(Material shown Opens)

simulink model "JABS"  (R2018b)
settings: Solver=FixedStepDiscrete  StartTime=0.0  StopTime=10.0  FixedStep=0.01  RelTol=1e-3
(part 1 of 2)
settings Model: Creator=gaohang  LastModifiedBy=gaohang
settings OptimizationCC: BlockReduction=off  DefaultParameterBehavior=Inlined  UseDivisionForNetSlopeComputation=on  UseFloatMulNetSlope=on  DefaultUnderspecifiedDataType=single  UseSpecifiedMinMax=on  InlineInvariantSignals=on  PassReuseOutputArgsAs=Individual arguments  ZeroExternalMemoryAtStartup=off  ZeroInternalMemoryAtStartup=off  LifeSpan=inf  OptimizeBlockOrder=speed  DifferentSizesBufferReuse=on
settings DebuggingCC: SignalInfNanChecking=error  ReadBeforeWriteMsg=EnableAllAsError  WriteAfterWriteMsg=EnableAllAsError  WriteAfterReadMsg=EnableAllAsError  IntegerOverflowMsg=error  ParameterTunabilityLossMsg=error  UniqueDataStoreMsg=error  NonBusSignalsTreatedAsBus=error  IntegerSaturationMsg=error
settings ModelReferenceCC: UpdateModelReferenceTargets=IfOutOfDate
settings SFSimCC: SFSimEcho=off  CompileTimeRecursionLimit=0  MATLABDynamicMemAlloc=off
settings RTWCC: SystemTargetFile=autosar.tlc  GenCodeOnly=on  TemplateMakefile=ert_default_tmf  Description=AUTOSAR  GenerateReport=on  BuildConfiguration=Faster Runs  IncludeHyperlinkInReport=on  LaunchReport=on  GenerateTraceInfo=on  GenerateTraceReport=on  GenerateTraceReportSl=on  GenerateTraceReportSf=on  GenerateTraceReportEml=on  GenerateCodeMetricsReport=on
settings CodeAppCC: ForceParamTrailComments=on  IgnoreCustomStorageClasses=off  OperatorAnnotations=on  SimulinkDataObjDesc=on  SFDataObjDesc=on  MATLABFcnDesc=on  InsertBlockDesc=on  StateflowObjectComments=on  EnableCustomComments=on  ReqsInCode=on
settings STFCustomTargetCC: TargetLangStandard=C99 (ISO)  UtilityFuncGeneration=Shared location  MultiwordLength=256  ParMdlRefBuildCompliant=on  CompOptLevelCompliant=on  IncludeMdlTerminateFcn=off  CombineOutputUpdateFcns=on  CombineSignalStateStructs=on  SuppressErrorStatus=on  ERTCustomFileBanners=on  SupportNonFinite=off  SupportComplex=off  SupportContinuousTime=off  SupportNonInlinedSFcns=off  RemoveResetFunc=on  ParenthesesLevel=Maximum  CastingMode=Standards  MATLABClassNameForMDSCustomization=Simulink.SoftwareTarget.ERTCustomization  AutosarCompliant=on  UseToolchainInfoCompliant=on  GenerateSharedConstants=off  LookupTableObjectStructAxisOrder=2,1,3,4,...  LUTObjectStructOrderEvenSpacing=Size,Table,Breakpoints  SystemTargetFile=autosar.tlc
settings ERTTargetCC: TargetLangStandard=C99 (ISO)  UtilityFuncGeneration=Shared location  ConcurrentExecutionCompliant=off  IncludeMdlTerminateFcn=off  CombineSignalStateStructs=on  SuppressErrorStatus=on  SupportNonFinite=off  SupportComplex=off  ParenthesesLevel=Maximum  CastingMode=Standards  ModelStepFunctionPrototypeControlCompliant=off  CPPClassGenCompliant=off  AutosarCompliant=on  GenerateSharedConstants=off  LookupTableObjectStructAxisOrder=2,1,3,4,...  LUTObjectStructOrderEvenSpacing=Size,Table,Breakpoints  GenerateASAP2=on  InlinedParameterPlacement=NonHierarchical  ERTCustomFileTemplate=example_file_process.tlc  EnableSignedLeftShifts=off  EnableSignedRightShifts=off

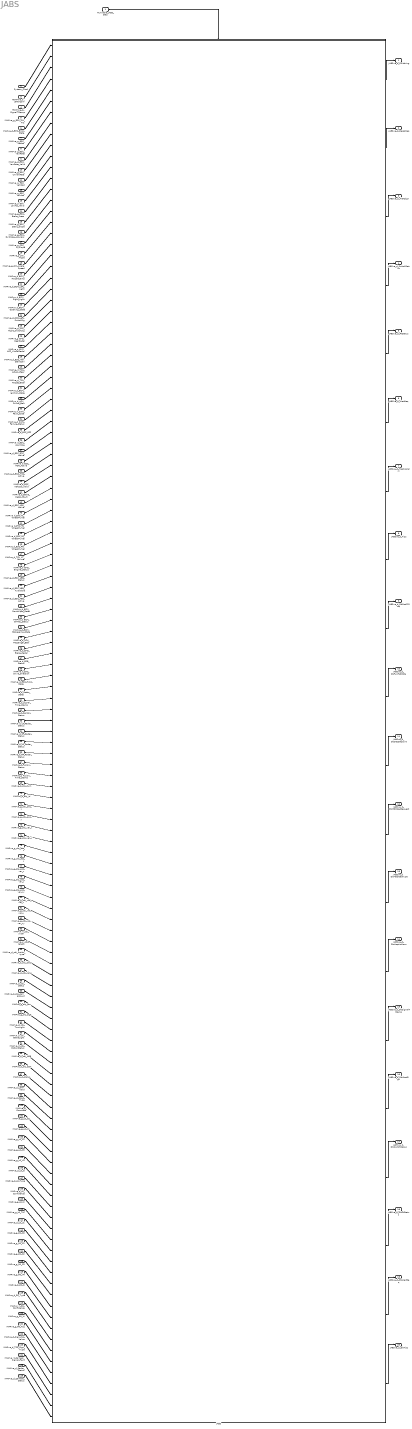
== system JABS ==
  Runnable_JABS_Step : Inport  SampleTime=0.01  OutputFunctionCall=on
  System_Clock : Inport  Port=2
  FDMMve_d_JaFcnConf : Inport  Port=3
  FDMMve_d_SignalTStamp : Inport  Port=4
  IMAPve_g_EPS_SW_Trq : Inport  Port=5
  IMAPve_d_EPS_Error_State : Inport  Port=6
  IMAPve_g_ESC_LatAcc : Inport  Port=7
  IMAPve_g_ESC_YawRate : Inport  Port=8
  IMAPve_d_ESC_YawRate_Valid : Inport  Port=9
  IMAPve_g_ESC_UnYawRate : Inport  Port=10
  IMAPve_g_ESC_VehSpd : Inport  Port=11
  IMAPve_g_ESC_LonAcc : Inport  Port=12
  IMAPve_d_ESC_LonAcc_Valid : Inport  Port=13
  IMAPve_g_ESC_Brake_Press : Inport  Port=14
  IMAPve_g_ESC_Static_Slope : Inport  Port=15
  IMAPve_g_ESC_DySlope_Accuracy : Inport  Port=16
  IMAPve_g_ESC_DySlope : Inport  Port=17
  IMAPve_g_SW_Angle : Inport  Port=18
  IMAPve_g_SW_Angle_Speed : Inport  Port=19
  IMAPve_d_BCM_HazardLamp : Inport  Port=20
  IMAPve_d_BCM_Left_Light : Inport  Port=21
  IMAPve_d_BCM_Right_Light : Inport  Port=22
  IMAPve_d_BCM_Opening_State : Inport  Port=23
  IMAPve_d_SCC_Left_SwitchSig : Inport  Port=24
  IMAPve_d_SCC_Right_SwitchSig : Inport  Port=25
  IMAPve_g_EMS_RealPedal : Inport  Port=26
  IMAPve_g_EMS_ACC_VirtualPedal : Inport  Port=27
  IMAPve_d_ESC_Veh_Standstill : Inport  Port=28
  IMAPve_d_TCU_Actual_Gear : Inport  Port=29
  IMAPve_d_TCU_Target_Gear : Inport  Port=30
  IMAPve_d_BCM_Ignition_State : Inport  Port=31
  IMAPve_d_ACU_Driver_Belt : Inport  Port=32
  IMAPve_d_SWS_Fault_Code : Inport  Port=33
  IMAPve_d_SWS_Failure_Status : Inport  Port=34
  IMAPve_d_ESC_OFF : Inport  Port=35
  IMAPve_d_ESC_AlarmSig : Inport  Port=36
  IMAPve_d_ESC_ESC_Active : Inport  Port=37
  IMAPve_d_ESC_MSR_Active : Inport  Port=38
  IMAPve_d_ESC_TCS_Active : Inport  Port=39
  IMAPve_d_ESC_VehSpd_Valid : Inport  Port=40
  IMAPve_d_Brake_Pedal_Fault : Inport  Port=41
  IMAPve_d_ESC_ABS_Active : Inport  Port=42
  IMAPve_d_ESC_FL_WheelPulVal : Inport  Port=43
  IMAPve_d_ESC_FR_WheelPulVal : Inport  Port=44
  IMAPve_d_ESC_RL_WheelPulVal : Inport  Port=45
  IMAPve_d_ESC_RR_WheelPulVal : Inport  Port=46
  IMAPve_d_TCU_AT_Failure : Inport  Port=47
  IMAPve_d_EMS_Engine_Status : Inport  Port=48
  IMAPve_d_ESC_AEB_Status : Inport  Port=49
  IMAPve_d_ESC_AEB_Available : Inport  Port=50
  IMAPve_d_ESC_AEB_Active : Inport  Port=51
  IMAPve_d_BCM_FrontWiper_State : Inport  Port=52
  IMAPve_d_BCM_CHMSL_Status : Inport  Port=53
  IMAPve_d_BCM_BrakeLamp_State : Inport  Port=54
  IMAPve_d_ACU_Passenger_Belt : Inport  Port=55
  IMAPve_d_EMS_Brake_Pedal : Inport  Port=56
  IMAPve_d_EPB_Status : Inport  Port=57
  IMAPve_d_ESC_Drive_Direction : Inport  Port=58
  IMAPve_d_ESC_Hold_State : Inport  Port=59
  IMAPve_d_Radar_State : Inport  Port=60
  IMAPve_d_Signal_Time_Stamp : Inport  Port=61
  IMAPve_d_Sensor_Status : Inport  Port=62
  IMAPve_d_LF_Radar_Status : Inport  Port=63
  IMAPve_d_RF_Radar_Status : Inport  Port=64
  IMAPve_d_LR_Radar_Status : Inport  Port=65
  IMAPve_d_RR_Radar_Status : Inport  Port=66
  IMAPve_d_Fusion_Status : Inport  Port=67
  IMAPve_g_Fusion_Time_Stamp : Inport  Port=68
  IMAPve_d_obj_Num : Inport  Port=69
  IMAPva_d_obj_id : Inport  Port=70
  IMAPva_g_obj_pos_x : Inport  Port=71
  IMAPva_g_obj_pos_y : Inport  Port=72
  IMAPva_g_obj_vel_x : Inport  Port=73
  IMAPva_g_obj_vel_y : Inport  Port=74
  IMAPva_g_obj_acc_x : Inport  Port=75
  IMAPva_g_obj_acc_y : Inport  Port=76
  IMAPva_g_obj_pos_var_x : Inport  Port=77
  IMAPva_g_obj_pos_var_y : Inport  Port=78
  IMAPva_g_obj_pos_var_xy : Inport  Port=79
  IMAPva_g_obj_vel_var_x : Inport  Port=80
  IMAPva_g_obj_vel_var_y : Inport  Port=81
  IMAPva_g_obj_vel_var_xy : Inport  Port=82
  IMAPva_g_obj_width : Inport  Port=83
  IMAPva_g_obj_length : Inport  Port=84
  IMAPva_d_obj_fusion_type : Inport  Port=85
  IMAPva_d_obj_class : Inport  Port=86
  IMAPva_d_obj_lane : Inport  Port=87
  IMAPva_d_obj_status : Inport  Port=88
  IMAPva_d_obj_cam_asso_id : Inport  Port=89
  IMAPva_g_obj_con : Inport  Port=90
  IMAPva_g_obj_age : Inport  Port=91
  IMAPva_d_obj_TurnLight : Inport  Port=92
  IMAPva_d_obj_BrakeLight : Inport  Port=93
  IMAPva_d_obj_MotionStatus : Inport  Port=94
  IMAPva_d_obj_AEB : Inport  Port=95
  IMAPva_d_obj_ESA : Inport  Port=96
  IMAPva_d_obj_JA : Inport  Port=97
  IMAPve_d_Lane_Valid : Inport  Port=98
  IMAPve_d_Road_Type : Inport  Port=99
  IMAPve_d_ConsArea : Inport  Port=100
  IMAPve_g_L0_C0 : Inport  Port=101
  IMAPve_g_L0_C1 : Inport  Port=102
  IMAPve_g_L0_C2 : Inport  Port=103
  IMAPve_g_L0_C3 : Inport  Port=104
  IMAPve_g_L0_VR : Inport  Port=105
  IMAPve_d_L0_Q : Inport  Port=106
  IMAPve_d_L0_Type : Inport  Port=107
  IMAPve_g_L0_Confidence : Inport  Port=108
  IMAPve_g_L0_W : Inport  Port=109
  IMAPve_g_L0_TLC : Inport  Port=110
  IMAPve_d_L0_LC : Inport  Port=111
  IMAPve_g_R0_C0 : Inport  Port=112
  IMAPve_g_R0_C1 : Inport  Port=113
  IMAPve_g_R0_C2 : Inport  Port=114
  IMAPve_g_R0_C3 : Inport  Port=115
  IMAPve_g_R0_VR : Inport  Port=116
  IMAPve_d_R0_Q : Inport  Port=117
  IMAPve_d_R0_Type : Inport  Port=118
  IMAPve_g_R0_Confidence : Inport  Port=119
  IMAPve_g_R0_W : Inport  Port=120
  IMAPve_g_R0_TLC : Inport  Port=121
  IMAPve_d_Sign_ISA_Value : Inport  Port=122
  IMAPve_d_TSR_Sign_Type : Inport  Port=123
  IMAPve_d_Camera_Signal_Fault : Inport  Port=124
  IMAPve_d_Radar_Status : Inport  Port=125
  IMAPve_d_Camera_Status : Inport  Port=126
  JABS : Subsystem  TreatAsAtomicUnit=on
  JABSve_d_Switching : Outport  OutDataTypeStr=UInt16
  JABSve_d_DecelReq : Outport  Port=2  OutDataTypeStr=T_M_Nm_Float32
  JABSve_d_AlertSign : Outport  Port=3  OutDataTypeStr=UInt16
  JABSve_d_SwitchStatus : Outport  Port=4  OutDataTypeStr=UInt16
  JABSve_d_FltStatus : Outport  Port=5  OutDataTypeStr=UInt16
  JABSve_d_AlertReq : Outport  Port=6  OutDataTypeStr=UInt16
  JABSve_d_HapticAlarm : Outport  Port=7  OutDataTypeStr=UInt16
  JABSve_d_Tips : Outport  Port=8  OutDataTypeStr=UInt16
  JABSve_d_DbPrefillReq : Outport  Port=9  OutDataTypeStr=UInt16
  JABSve_d_DbFunFARCSta : Outport  Port=10  OutDataTypeStr=UInt16
  JABSve_d_DbDecSetpoint : Outport  Port=11  OutDataTypeStr=T_M_Nm_Float32
  JABSve_d_DbMDDdecRequest : Outport  Port=12  OutDataTypeStr=UInt16
  JABSve_d_DbMDDdecType : Outport  Port=13  OutDataTypeStr=UInt16
  JABSve_d_DbHapticAlarm : Outport  Port=14  OutDataTypeStr=UInt16
  JABSve_d_DbSignalTStamp : Outport  Port=15  OutDataTypeStr=UInt16
  JABSve_d_DbAlertSign : Outport  Port=16  OutDataTypeStr=UInt16
  JABSve_d_DbSwitchStatus : Outport  Port=17  OutDataTypeStr=UInt16
  JABSve_d_DbFltStatus : Outport  Port=18  OutDataTypeStr=UInt16
  JABSve_d_DbAlertReq : Outport  Port=19  OutDataTypeStr=UInt16
  JABSve_d_DbTips : Outport  Port=20  OutDataTypeStr=UInt16
  wires:
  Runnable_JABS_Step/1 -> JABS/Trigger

(Material shown Closes)

### Problem description
What you give back should be exactly the lines of the data above from the line with "IMAPva_g_obj_width : Inport" through the line with "IMAPve_g_L0_TLC : Inport", both of those included, and nothing more.

### Exercise answer
  IMAPva_g_obj_width : Inport  Port=83
  IMAPva_g_obj_length : Inport  Port=84
  IMAPva_d_obj_fusion_type : Inport  Port=85
  IMAPva_d_obj_class : Inport  Port=86
  IMAPva_d_obj_lane : Inport  Port=87
  IMAPva_d_obj_status : Inport  Port=88
  IMAPva_d_obj_cam_asso_id : Inport  Port=89
  IMAPva_g_obj_con : Inport  Port=90
  IMAPva_g_obj_age : Inport  Port=91
  IMAPva_d_obj_TurnLight : Inport  Port=92
  IMAPva_d_obj_BrakeLight : Inport  Port=93
  IMAPva_d_obj_MotionStatus : Inport  Port=94
  IMAPva_d_obj_AEB : Inport  Port=95
  IMAPva_d_obj_ESA : Inport  Port=96
  IMAPva_d_obj_JA : Inport  Port=97
  IMAPve_d_Lane_Valid : Inport  Port=98
  IMAPve_d_Road_Type : Inport  Port=99
  IMAPve_d_ConsArea : Inport  Port=100
  IMAPve_g_L0_C0 : Inport  Port=101
  IMAPve_g_L0_C1 : Inport  Port=102
  IMAPve_g_L0_C2 : Inport  Port=103
  IMAPve_g_L0_C3 : Inport  Port=104
  IMAPve_g_L0_VR : Inport  Port=105
  IMAPve_d_L0_Q : Inport  Port=106
  IMAPve_d_L0_Type : Inport  Port=107
  IMAPve_g_L0_Confidence : Inport  Port=108
  IMAPve_g_L0_W : Inport  Port=109
  IMAPve_g_L0_TLC : Inport  Port=110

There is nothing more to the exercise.